The need to engage camp families is greater than ever in today’s digital age. As a camp director, frequent and thoughtful communication leads to happier campers, satisfied parents, and less stressed staff.
Dan Weir, a recognized expert in summer camp planning, visited 25 camps in the summer of 2023. He came away with clear insights on how to effectively engage families before, during, and after camp.
Parents Expect Constant Communication
Parent expectations have rapidly evolved regarding camp communication. Multiple studies have shown that smartphone pings trigger the brain’s dopamine like a drug. Parents rely on frequent updates and become anxious without them.
Camps can no longer take a hands-off or sporadic communication approach. Strategies from even 2015 are now inadequate. Parents expect near real-time updates.
Frequent communication is demanded regardless of demographics or price point. Camps that fail to deliver risk dissatisfied families and losing campers.
Create a Content Calendar
A key foundation is to develop an overarching content calendar and plan, according to Dan. Camps must determine key stories, moments, activities, and messages to convey over the summer.
This involves setting communication goals and priorities. What impression do you want families to have of camp? How can content reinforce your brand? These questions shape created stories.
With high-level goals set, map out posting schedules across channels like social media, email, and text alerts. Consistent routines are vital so parents come to rely on cadences. Planning ahead makes frequent engagement manageable versus overwhelming.
Focus on High-Quality Camp Photos
Photos powerfully convey the camp experience visually to parents. Yet camps must be strategic in capturing and sharing images.
Dan suggests abundantly shooting in high resolution. Carefully curate the best shots after. Mix fun candids, activities, and camper close-ups. Facial recognition to tag kids is essential, a key feature of Campanion. Simple organization helps parents easily find their child.
While camps may limit tech for unplugged experiences, parents still want photo updates. The right balance reassures parents while kids focus on real connections.
Send Concise, Consistent Camp Updates
Brief daily text and app updates are useful for essential logistics and announcements. However, Dan offers guidelines to prevent annoyance:
- Keep the updates concise
- Maintain consistent update cadences
- Use a positive tone and avoid long blocks of text
- Only send immediately important details like the next day’s theme
- Never send late-night updates
Updates should help parents prepare their child with needed details. Missing key info frustrates parents. Provide essentials so parents feel involved, not surprised.
Meet Families on Social Media
While tactical updates are important, camps can’t overlook social media. Platforms like Facebook, Instagram, and TikTok reach distinct audiences.

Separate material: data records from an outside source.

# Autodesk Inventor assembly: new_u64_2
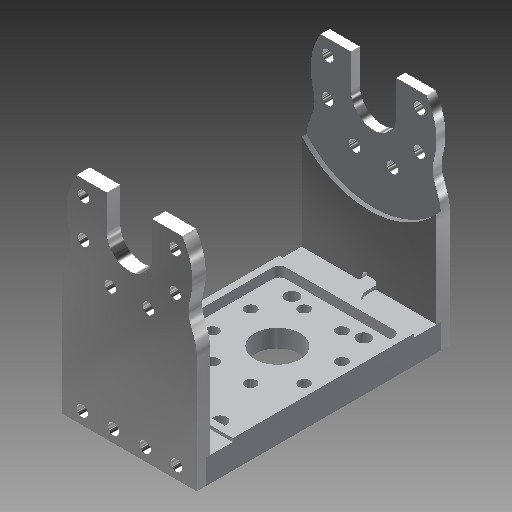
[picture p0: Inventor's stored thumbnail of the model, 512x512]
Saved by Autodesk Inventor 2018 (Build 220112000, 112)
## iProperties
Created: 2017-01-11
Part Number: new_u64_2
Document SubType Name: Assembly
Designer: steve
Mass: 24.0837 g
Surface Area: 102.457 cm^2
Volume: 12.1697 cm^3
Density: 1.97899 g/cm^3
Author: steve
## Documents named in this file (4)
- C:\Users\etd\Dropbox\SigmaBan\SigmaBanV2.1\new_U\new_u64_2.iam
- C:\Users\etd\Dropbox\SigmaBan\SigmaBanV2.1\new_U\new_base_u64.ipt
- C:\Users\etd\Dropbox\SigmaBan\SigmaBanV2.1\test_side_u64.ipt
- C:\Users\etd\Dropbox\SigmaBan\SigmaBanV2.1\test_side_u64_with_trace.ipt
## Components (3 placed, 3 different names)
1. new_base_u64:1 — Mate:6, Mate:7, Mate:8, Mate:9, Mate:10, Mate:11
2. test_side_u64:1 — Mate:6, Mate:10, Mate:11
3. test_side_u64_with_trace:1 — Mate:7, Mate:8, Mate:9
## Relationships (6: Mate 6)
- Mate:6: new_base_u64:1 ↔ test_side_u64:1
- Mate:7: new_base_u64:1 ↔ test_side_u64_with_trace:1
- Mate:8: new_base_u64:1 ↔ test_side_u64_with_trace:1
- Mate:9: new_base_u64:1 ↔ test_side_u64_with_trace:1
- Mate:10: new_base_u64:1 ↔ test_side_u64:1
- Mate:11: new_base_u64:1 ↔ test_side_u64:1
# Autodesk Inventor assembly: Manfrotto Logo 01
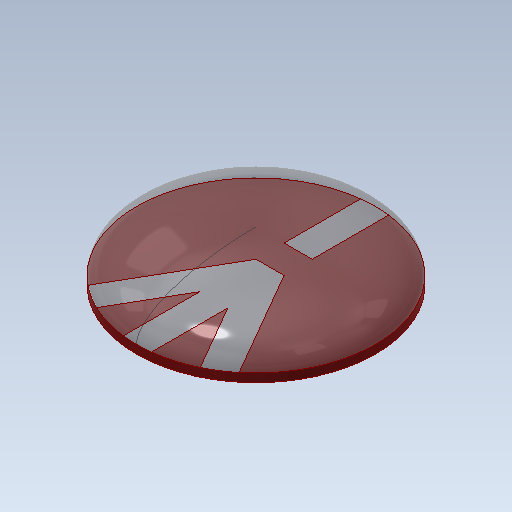
[picture p0: Inventor's stored thumbnail of the model, 512x512]
Saved by Autodesk Inventor 2020 (Build 240168000, 168)
## iProperties
Created: 2012-11-06
Part Number: Manfrotto Logo 01
Document SubType Name: Assembly
Designer: Lance
Mass: 0.140728 g
Surface Area: 2.47849 cm^2
Volume: 0.0737688 cm^3
Density: 1.90769 g/cm^3
Author: Lance
## Documents named in this file (3)
- C:\Users\Hesekiel\Desktop\MUM\Mechanika\Mechanizm elewacji i elektronika Filip\CAD\manfrotto-494rc2-tripod-head.snapshot.1\Manfrotto 494RC2 - Tripod Head\Manfrotto Logo 01.iam
- C:\Users\Hesekiel\Desktop\MUM\Mechanika\Mechanizm elewacji i elektronika Filip\CAD\manfrotto-494rc2-tripod-head.snapshot.1\Manfrotto 494RC2 - Tripod Head\Manfrotto Logo 01 - 1.ipt
- C:\Users\Hesekiel\Desktop\MUM\Mechanika\Mechanizm elewacji i elektronika Filip\CAD\manfrotto-494rc2-tripod-head.snapshot.1\Manfrotto 494RC2 - Tripod Head\Manfrotto Logo 01 - 2.ipt
## Components (2 placed, 2 different names)
1. Manfrotto Logo 01 - 1:1 — Insert:1, Angle:1
2. Manfrotto Logo 01 - 2:1 — Insert:1, Angle:1
## Relationships (2: Insert 1, Angle 1)
- Insert:1: Manfrotto Logo 01 - 1:1 ↔ Manfrotto Logo 01 - 2:1
- Angle:1 (180 deg): Manfrotto Logo 01 - 1:1 ↔ Manfrotto Logo 01 - 2:1

Parents skew toward Facebook while campers like Instagram and TikTok. Camps must have a presence on all major channels. By meeting families where they already are online, camps integrate into life.
Each platform needs unique content scheduling and formats. But maintain a consistent voice across the channels. Planning social media content on an overall calendar makes it manageable rather than ad-hoc.
Give it Time
It’s important to remember that the transition back to school is a process, and it may take some time for kids to fully adjust. Remind parents to be patient and understanding and to work with their kids to look back on their summer camp experience as a time of growth and fun.
Get Creative with “Camp News”
In addition to public social media, camps should develop private communication channels for families like:
- Camp blogs
- Email newsletters
- Personalized memory books/emails
- Activity/progress update emails
These allow intimate, detailed sharing. Don’t fear “oversharing” stories, moments, photos, and updates. Today’s parents crave camp specifics. Meeting this need earns lifelong loyalty.
Make it Easy to Give Feedback
In an era of instant online reviews, camps must make giving feedback easy. Dan advises having visible contact links, phone numbers, and feedback options. Respond to concerns promptly.
Also proactively survey parents to identify improvements. Making families feel heard allows addressing issues before small frustrations escalate.
Seriously Consider All Feedback
What matters as much as gathering feedback is how camps respond. Have a protocol to respectfully resolve concerns whenever feasible.
Also, showcase positive feedback like reviews and testimonials. This highlights what the camp does well and communicates value to parents.
Regularly soliciting varied feedback keeps camps connected to parent sentiment for continual improvement.
Strategically Plan Communications in Advance
Dan urges camps to develop a comprehensive communication strategy before camp, not reactively scramble once parents ask questions.
Thoughtful planning requires foresight. Key steps include:
- Creating a cross-channel content calendar
- Mapping posting schedules
- Integrating camp news features
- Making two-way feedback channels
Proper platforms and rhythms allow focusing on content rather than logistics. Consistent routines also breed parent familiarity and trust.
While demanding, robust communication has dividends in happy families, excited campers, and growing enrollment. It conveys an inclusive, connected camp community that gives parents peace of mind. In turn, parents become partners in delivering amazing camp experiences.